Google rejects my login attempt when my browser is running under control of Selenium?-CodePudding

I am trying to use to automate the removal of spam comments from my YouTube videos. YouTube still does not at this date have an API for the removal of spam comments. I only want to automate the removal of spam comments from my videos on my channel. I have natural language processing experience and the patterns I detect in the spam comments would make it easy for me to remove them. I only need to be able to log into my account manually and then use the Selenium and some code to remove the annoying spam comments.

Please note these points:

I am not using a headless version of Selenium/Chrome. I am running a version of ChromeDriver that automates a full Chrome browser instance.
I am logging in manually by typing in my user name and password myself directly into the browser page's input elements.

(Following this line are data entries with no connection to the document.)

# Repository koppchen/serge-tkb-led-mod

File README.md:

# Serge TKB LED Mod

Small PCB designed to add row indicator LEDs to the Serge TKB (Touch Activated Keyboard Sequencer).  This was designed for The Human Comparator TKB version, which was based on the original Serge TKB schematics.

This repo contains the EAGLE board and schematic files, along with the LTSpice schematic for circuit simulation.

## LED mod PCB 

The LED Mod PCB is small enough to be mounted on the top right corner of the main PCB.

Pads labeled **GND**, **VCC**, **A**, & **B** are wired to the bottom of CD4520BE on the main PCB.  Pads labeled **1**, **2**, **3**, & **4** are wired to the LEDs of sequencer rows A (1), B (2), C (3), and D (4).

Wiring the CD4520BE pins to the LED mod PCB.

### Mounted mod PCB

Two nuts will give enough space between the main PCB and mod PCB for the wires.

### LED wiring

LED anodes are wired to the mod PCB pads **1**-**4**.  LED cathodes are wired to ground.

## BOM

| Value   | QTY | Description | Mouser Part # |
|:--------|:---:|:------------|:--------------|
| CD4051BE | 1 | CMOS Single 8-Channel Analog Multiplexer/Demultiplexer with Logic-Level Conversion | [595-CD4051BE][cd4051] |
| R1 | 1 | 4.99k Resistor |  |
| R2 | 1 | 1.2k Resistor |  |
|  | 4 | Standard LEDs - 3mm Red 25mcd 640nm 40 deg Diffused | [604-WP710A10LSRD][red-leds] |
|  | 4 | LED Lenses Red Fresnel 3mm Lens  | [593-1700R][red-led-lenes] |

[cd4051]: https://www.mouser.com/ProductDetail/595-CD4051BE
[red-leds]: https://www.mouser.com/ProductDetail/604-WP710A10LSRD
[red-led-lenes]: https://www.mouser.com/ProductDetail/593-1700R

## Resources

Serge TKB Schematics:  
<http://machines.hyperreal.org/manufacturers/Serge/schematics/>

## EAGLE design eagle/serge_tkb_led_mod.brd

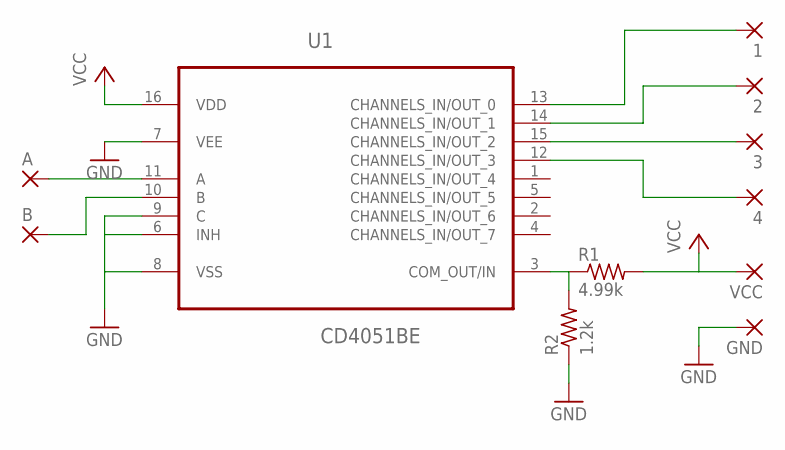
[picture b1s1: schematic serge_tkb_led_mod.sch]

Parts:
1, 2, 3, 4: 3,17/1,3
A: 3,17/1,3
B: 3,17/1,3
GND: 3,17/1,3
R1: 4.99k; 0207/10
R2: 1.2k; 0207/10
U1: CD4051BE; DIP254P762X508-16
VCC: 3,17/1,3

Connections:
A: A.1, U1.11 (A)
GND: GND.1, R2.1, U1.6 (INH), U1.7 (VEE), U1.8 (VSS), U1.9 (C)
unnamed: R1.1, R2.2, U1.3 (COM_OUT/IN)
unnamed: 1.1, U1.13 (CHANNELS_IN/OUT_0)
unnamed: 2.1, U1.14 (CHANNELS_IN/OUT_1)
unnamed: 3.1, U1.15 (CHANNELS_IN/OUT_2)
unnamed: 4.1, U1.12 (CHANNELS_IN/OUT_3)
unnamed: B.1, U1.10 (B)
VCC: R1.2, U1.16 (VDD), VCC.1

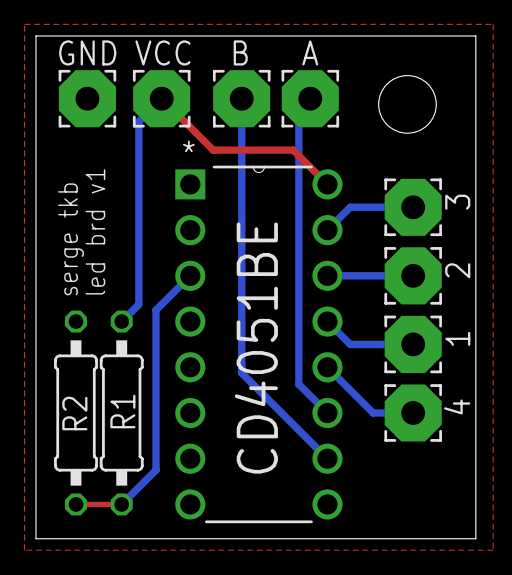
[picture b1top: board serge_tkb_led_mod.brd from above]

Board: 2 copper layers, 24.4 x 27.9 mm, 11 parts (0 on the bottom side), 9 nets.

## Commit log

2018-04-17 Add EAGLE and LTSpice files along with documentation

So something in the user agent, or a flag ChromeDriver sets, or something else is triggering the rejection?

I did a lot of web searching including on SO and most of the message regarding detection have to do with using a headless version of Selenium or certain input patterns that identify an automated login attempt. As I stated above, I am doing neither of those things since before I trigger my automation code, I login manually. Also I have seen some references to an "undetectable" chrome driver, but is that a trustworthy item and does it only work with a headless version of Selenium?

Can someone tell me how to fix this? I'm really tired of manually deleting the spam comments.

CodePudding user response：

Try this

1- Use a different browser: Some websites are more sensitive to automation when using certain browsers, so you may have better luck using a different browser like Firefox or Safari

2- Use a headless browser: While you mentioned that you are currently using a full Chrome browser instance, you could try using a headless version of Chrome (or another browser) to see if that helps with the automation detection issue. A headless browser is a browser that runs without a graphical user interface, which can make it more difficult for the website to detect automation

3- Use a different ChromeDriver version: Depending on the version of ChromeDriver you are using, it may be setting certain flags or user agent strings that are causing the website to detect automation. You could try using a different version of ChromeDriver to see if that helps

4- Use a different user agent string: Some websites use the user agent string (a string that identifies the browser and operating system) to detect automation. You could try setting a different user agent string in ChromeDriver to see if that helps

CodePudding user response：

I once do some research about this. Some website (may including youtube, google's sites) will prevent your request (or even block your IP) if detect you are using a webdriver (they will think you're bot, no matter you are using headless or not, manually login or not). I think there are two different approachs:

Try hide your webdriver trace: use some package like selenium-stealth, undetected-chromedrive or put some flag manually as this SO answer
Try a different approach, if you want to delete spam comments on Youtube, have you try using their official API, Youtube Comment API Docs. This SO comment may helpful

Some other useful information how they detect webdriver:

Can a website detect when you are using Selenium with chromedriver?

Is there a version of Selenium WebDriver that is not detectable?

CodePudding user response：

If your Chrome browser was spun up using Chromedriver, then there is detectable evidence that websites can use to determine if you're using Selenium, and then they can block you. However, if the Chrome browser is spun up before Chromedriver connects to it, then you have a browser that no longer looks like an automation-controlled one. Modern web automation libraries such as undetectable-chromedriver are aware of this, and so they make sure Chrome is spun up before connecting chromedriver to it.

The modern framework that I use for these situations is SeleniumBase in undetected chromedriver mode. Here's a script that you can use to get past automation detection: (Run with python after installing seleniumbase with pip install seleniumbase)

from seleniumbase import SB

with SB(uc=True) as sb:
    sb.open("https://www.google.com/gmail/about/")
    sb.click('a[data-action="sign in"]')
    sb.type('input[type="email"]', "[email protected]")
    sb.click('button:contains("Next")')
    import pdb; pdb.set_trace()
    # sb.type('input[type="password"]', PASSWORD)
    # sb.click('button:contains("Next")')

It throws in a breakpoint so that you can take control of the script while the browser remains open.